Assignment: Go to the line containing "Linear Transformer/RConn4 -- D2/LConn1" in the listing below and retype it and every later line exactly, down to the last.

Supplied records:

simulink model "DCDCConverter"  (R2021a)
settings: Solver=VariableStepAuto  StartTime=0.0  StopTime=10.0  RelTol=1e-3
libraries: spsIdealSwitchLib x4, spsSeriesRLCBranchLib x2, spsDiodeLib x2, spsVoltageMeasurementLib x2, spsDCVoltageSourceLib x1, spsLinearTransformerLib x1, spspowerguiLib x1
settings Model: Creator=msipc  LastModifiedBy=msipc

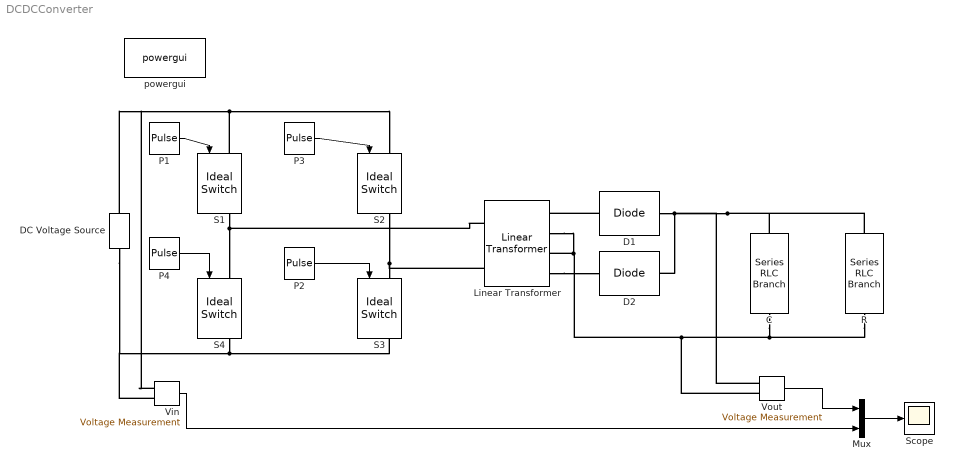
== system DCDCConverter ==
  C : spsSeriesRLCBranchLib/Series RLC Branch  LConnTagsString=__new0  RConnTagsString=__new0  BranchType=RLC  Resistance=1  Inductance=1e-3  SetiL0=off  InitialCurrent=0  Capacitance=100e-6  Setx0=off  InitialVoltage=0  Measurements=None
  "D1\t" : spsDiodeLib/Diode  Ron=0.001  Lon=0  Vf=0.8  IC=0  UseSnubber=0  Rs=1e12  Cs=inf  Measurements=off
  D2 : spsDiodeLib/Diode  Ron=0.001  Lon=0  Vf=0.8  IC=0  UseSnubber=0  Rs=1e12  Cs=inf  Measurements=off
  DC Voltage Source : spsDCVoltageSourceLib/DC Voltage Source  Amplitude=46.8  Measurements=None
  Linear Transformer : spsLinearTransformerLib/Linear Transformer  UNITS=pu  NominalPower=[ 50 50 ]  winding1="[ 46.8/1.4142  0.002  0.0005 ]"  winding2="[ 46.8/1.4142  0.002  0.0005 ]"  ThreeWindings=on  winding3="[ 46.8/1.4142  0.002  0.0005 ]"  RmLm=[ 500 500 ]  Measurements=None  DataType=off
  Mux : Mux  Inputs=2
  P1 : DiscretePulseGenerator  PulseType=Time based  Period=10  PulseWidth=0.02
  P2 : DiscretePulseGenerator  PulseType=Time based  Period=10  PulseWidth=0.02
  P3 : DiscretePulseGenerator  PulseType=Time based  Period=10  PulseWidth=0.02  PhaseDelay=180*0.02/360
  P4 : DiscretePulseGenerator  PulseType=Time based  Period=10  PulseWidth=0.02  PhaseDelay=180*0.02/360
  R : spsSeriesRLCBranchLib/Series RLC Branch  LConnTagsString=__new0  RConnTagsString=__new0  BranchType=RLC  Resistance=10  Inductance=1e-3  SetiL0=off  InitialCurrent=0  Capacitance=1e-6  Setx0=off  InitialVoltage=0  Measurements=None
  S{1..4} (4 alike) : spsIdealSwitchLib/Ideal Switch  Ron=0.001  Lon=0  IC=0  Rs=1e5  Cs=inf  Measurements=on
  Scope : Scope
  Vin : spsVoltageMeasurementLib/Voltage Measurement  PhasorSimulation=off  OutputType=Complex  PSBequivalent=0
  Vout : spsVoltageMeasurementLib/Voltage Measurement  PhasorSimulation=off  OutputType=Complex  PSBequivalent=0
  powergui : spspowerguiLib/powergui  Priority=1  SimulationMode=Discrete  SampleTime=50e-6  frequency=60  Iterations=50  frequencyindice=0  Pbase=100e6  ErrMax=1e-4  UnitsV=kV  UnitsW=MW  buscounter=0  FunctionMessages=off  echomessages=off  EnableUseOfTLC=off  CurrentSourceSwitches=off  DisableSnubberDevices=off  DisableRonSwitches=off  DisableVfSwitches=off  DisplayEquations=off  AutomaticDiscreteSolvers=off  SolverType=Tustin/Backward Euler (TBE)  Interpol=off  ExternalGateDelay=off  methode=off  Ts=100  x0status=blocks  SPID=on  SwTol=0  HookPort=off  NonlinearTolerance=1e-4  nMaxIteration=100  ContinueOnMaxIteration=off  RestoreLinks=warning  ResistiveCurrentMeasurement=off  Frange=[0:2:500]  Ylog=off  Xlog=on  ShowGrid=off  save=off  variable=ZData  structure=0  ZoomFFT=off  StartTime=0.0  cycles=1  DisplayStyle=1  fundamental=60  FreqAxis=off  MaxFrequency=1000  frequencyindicesteady=1  RmsSteady=1  display=off
  wires:
  P1/1 -> S1/1
  P2/1 -> S3/1
  P3/1 -> S2/1
  P4/1 -> S4/1
  Vout/1 -> Mux/1
  Vin/1 -> Mux/2
  Mux/1 -> Scope/1
  connections:
  S1/LConn1 -- Vin/LConn1 -- DC Voltage Source/RConn1 -- S2/LConn1
  S2/RConn1 -- Linear Transformer/LConn2 -- S3/LConn1
  S1/RConn1 -- S4/LConn1 -- Linear Transformer/LConn1
  S4/RConn1 -- Vin/LConn2 -- DC Voltage Source/LConn1 -- S3/RConn1
  "D1\t"/LConn1 -- Linear Transformer/RConn1
  Linear Transformer/RConn4 -- D2/LConn1
  "D1\t"/RConn1 -- R/LConn1 -- C/LConn1 -- Vout/LConn1 -- D2/RConn1
  C/RConn1 -- R/RConn1 -- Vout/LConn2 -- Linear Transformer/RConn2 -- Linear Transformer/RConn3

Output for this task:
  Linear Transformer/RConn4 -- D2/LConn1
  "D1\t"/RConn1 -- R/LConn1 -- C/LConn1 -- Vout/LConn1 -- D2/RConn1
  C/RConn1 -- R/RConn1 -- Vout/LConn2 -- Linear Transformer/RConn2 -- Linear Transformer/RConn3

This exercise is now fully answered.